Smooth muscle cells form the wall of blood vessels and visceral hollow organs such as the gastrointestinal tract. Disturbances of contraction and relaxation underlie a number of severe diseases such as hypertension or sepsis associated hypertension, asthma, and premature labor. Such disease but also development and aging have a profound effect of the protein phenotype of the contractile apparatus leading to concomitant changes in the contractile properties. For instance, smooth muscle cells in atherosclerotic vessels adopt an immature synthetic phenotype.

 

Smooth muscle contraction is dually regulated.
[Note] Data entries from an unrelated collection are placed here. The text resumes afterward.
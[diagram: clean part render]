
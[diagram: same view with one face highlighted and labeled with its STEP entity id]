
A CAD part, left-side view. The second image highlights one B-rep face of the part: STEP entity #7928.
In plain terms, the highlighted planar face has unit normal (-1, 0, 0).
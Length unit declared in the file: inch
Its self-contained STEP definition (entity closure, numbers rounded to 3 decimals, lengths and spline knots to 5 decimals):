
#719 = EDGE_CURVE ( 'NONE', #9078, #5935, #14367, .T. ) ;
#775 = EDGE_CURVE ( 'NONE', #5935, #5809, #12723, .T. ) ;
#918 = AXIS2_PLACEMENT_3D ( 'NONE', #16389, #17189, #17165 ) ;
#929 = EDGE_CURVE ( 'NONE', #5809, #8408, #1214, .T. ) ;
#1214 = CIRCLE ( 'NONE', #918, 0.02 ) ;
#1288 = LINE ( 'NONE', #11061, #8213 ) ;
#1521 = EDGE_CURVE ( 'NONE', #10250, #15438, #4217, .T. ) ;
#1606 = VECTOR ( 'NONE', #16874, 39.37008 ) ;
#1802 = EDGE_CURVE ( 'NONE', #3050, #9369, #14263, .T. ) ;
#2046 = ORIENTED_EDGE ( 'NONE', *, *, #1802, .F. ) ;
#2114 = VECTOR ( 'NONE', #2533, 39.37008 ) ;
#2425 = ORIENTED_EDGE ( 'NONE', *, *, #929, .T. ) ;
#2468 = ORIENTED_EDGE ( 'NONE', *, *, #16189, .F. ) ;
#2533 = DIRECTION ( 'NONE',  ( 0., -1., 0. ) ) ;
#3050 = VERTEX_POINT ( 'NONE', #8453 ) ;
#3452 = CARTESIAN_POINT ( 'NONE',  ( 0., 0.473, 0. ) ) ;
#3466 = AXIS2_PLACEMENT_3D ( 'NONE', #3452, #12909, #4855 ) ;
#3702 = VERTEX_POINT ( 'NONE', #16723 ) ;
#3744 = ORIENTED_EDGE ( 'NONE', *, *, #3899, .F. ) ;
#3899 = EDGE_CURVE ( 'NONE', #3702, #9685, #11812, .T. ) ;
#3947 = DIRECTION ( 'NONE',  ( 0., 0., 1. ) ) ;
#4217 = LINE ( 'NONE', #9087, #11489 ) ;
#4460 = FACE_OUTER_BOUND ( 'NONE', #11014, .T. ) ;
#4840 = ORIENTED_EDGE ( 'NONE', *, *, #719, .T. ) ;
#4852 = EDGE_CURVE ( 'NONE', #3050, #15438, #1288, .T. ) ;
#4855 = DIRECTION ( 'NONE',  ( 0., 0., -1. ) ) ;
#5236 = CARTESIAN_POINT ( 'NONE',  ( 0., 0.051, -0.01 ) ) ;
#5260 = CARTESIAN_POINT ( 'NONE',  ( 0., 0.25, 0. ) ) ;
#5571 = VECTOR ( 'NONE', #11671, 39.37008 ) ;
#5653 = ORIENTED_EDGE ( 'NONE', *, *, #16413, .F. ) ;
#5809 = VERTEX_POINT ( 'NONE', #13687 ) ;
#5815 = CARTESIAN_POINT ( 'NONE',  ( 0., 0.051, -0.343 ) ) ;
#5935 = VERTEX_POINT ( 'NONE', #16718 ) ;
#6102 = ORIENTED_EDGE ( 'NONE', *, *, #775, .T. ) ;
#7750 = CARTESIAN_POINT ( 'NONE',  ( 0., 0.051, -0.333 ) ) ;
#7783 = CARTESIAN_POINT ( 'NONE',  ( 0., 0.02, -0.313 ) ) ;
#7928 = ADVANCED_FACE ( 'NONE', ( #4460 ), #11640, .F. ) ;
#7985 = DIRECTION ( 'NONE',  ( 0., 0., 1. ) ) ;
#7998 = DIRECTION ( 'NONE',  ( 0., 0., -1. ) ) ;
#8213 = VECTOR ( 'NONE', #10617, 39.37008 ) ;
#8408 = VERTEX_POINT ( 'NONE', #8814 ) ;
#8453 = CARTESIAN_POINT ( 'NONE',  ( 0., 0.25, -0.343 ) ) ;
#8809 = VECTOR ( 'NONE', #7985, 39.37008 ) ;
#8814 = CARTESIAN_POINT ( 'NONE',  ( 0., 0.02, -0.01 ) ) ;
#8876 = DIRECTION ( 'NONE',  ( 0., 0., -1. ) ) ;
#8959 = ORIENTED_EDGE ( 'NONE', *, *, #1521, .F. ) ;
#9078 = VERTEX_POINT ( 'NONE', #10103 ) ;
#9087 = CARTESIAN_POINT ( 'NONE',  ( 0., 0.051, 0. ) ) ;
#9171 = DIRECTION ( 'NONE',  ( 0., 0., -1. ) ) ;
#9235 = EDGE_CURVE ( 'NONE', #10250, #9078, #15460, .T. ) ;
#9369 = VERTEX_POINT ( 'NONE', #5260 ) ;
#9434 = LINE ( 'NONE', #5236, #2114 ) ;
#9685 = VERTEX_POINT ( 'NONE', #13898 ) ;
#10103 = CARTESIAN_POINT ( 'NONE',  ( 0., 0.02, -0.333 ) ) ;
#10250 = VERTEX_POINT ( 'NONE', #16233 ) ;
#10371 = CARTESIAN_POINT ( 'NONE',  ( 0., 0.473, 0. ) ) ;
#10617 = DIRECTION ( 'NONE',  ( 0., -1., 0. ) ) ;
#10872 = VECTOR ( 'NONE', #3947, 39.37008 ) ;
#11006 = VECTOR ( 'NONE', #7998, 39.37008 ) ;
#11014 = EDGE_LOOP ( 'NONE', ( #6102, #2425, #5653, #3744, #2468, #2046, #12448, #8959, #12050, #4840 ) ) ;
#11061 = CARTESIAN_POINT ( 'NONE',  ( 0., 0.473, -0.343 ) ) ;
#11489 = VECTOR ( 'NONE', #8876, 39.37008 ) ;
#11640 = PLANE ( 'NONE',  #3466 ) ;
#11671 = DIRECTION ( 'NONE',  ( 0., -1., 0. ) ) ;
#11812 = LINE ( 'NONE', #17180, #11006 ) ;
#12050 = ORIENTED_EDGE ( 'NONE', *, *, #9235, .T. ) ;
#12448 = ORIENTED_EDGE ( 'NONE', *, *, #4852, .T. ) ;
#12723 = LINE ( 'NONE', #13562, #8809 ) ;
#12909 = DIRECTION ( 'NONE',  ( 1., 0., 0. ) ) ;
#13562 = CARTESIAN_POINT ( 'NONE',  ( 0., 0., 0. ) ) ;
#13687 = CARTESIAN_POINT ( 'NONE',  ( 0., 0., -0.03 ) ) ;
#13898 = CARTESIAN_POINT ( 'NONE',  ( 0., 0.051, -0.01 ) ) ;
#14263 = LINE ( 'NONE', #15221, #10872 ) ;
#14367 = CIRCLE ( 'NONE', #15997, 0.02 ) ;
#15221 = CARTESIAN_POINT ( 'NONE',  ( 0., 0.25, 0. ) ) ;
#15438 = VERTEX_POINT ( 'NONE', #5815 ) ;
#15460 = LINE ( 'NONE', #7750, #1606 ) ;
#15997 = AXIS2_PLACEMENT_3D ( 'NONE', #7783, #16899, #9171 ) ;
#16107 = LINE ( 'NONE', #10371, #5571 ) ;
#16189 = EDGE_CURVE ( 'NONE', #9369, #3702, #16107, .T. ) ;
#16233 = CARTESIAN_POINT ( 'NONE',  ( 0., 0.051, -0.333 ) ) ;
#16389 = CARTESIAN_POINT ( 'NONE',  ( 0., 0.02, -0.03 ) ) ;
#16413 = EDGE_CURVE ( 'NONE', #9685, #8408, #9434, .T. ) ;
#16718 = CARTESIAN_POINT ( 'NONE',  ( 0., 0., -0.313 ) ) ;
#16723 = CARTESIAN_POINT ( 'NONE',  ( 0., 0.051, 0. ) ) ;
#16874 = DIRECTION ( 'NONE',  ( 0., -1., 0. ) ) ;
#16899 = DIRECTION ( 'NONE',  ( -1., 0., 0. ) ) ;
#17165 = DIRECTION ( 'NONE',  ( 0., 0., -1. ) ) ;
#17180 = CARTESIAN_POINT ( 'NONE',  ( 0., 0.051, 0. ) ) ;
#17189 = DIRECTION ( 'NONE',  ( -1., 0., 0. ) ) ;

The major activating regulatory mechanisms involves the Ca2+-dependent activation of myosin light chain kinase (MLCK) followed by phosphorylation of the regulatory light chains of myosin (MLC20) while dephosphorylation of MLC20 by a specific phosphatase (MLCP) lowers tone. MLCP is a heterotrimeric enzyme consisting of a catalytic, regulatory subunit, called MYPT1, which targets the catalytic subunit to myosin, and a 20kDa subunit of unknown function. MLCP is itself target of a number of protein kinase cascades that modulate its activity thereby increasing Ca2+-sensitivity of contraction by the Rho/Rho-Kinase and the PKC pathways and decreasing by the cAMP/PKA and cGMP/PKG pathways. These modulatory effects are mediated by phosphorylating several serine and threonine residues on MYPT1 and of regulatory peptides, CPI1, which inhibits MLCP and telokin, thought to activate MLCP. The second regulatory mechanism is thin filament filament based and involves caldesmon and regulation of actin filament stability. However, the precise mechanisms of cyclic nucleotide medatiated relaxation and the role of thin filament linked mechanisms are still incompletely understood.

 

We have a long standing interest in elucidating the mechanisms that mediate cyclic nucleotide induced desensitization of the contractile machinery to the activator Ca2+ thereby inducing relaxation. These second messengers are generated in response to β-adrenergic stimulation or endothelial NO release. We also investigate the role of the thin filament linked protein, caldesmon, putative regulatory affects smooth muscle function as well as how dedifferentiation of smooth muscle cells is prevented. 

The relative contribution of these pathways to tone regulation differs between different types of smooth muscle and between fetal/neonatal, adult, and aged smooth muscles and between the synthetic/proliferative and contractile phenotype. To elucidate the interplay of these different regulatory pathways we use different gene-modified animals and investigate the biomechanical properties ex vivo of the different intact and permeabilized smooth muscles in conjunction with phosphorylation determinations of the regulatory proteins.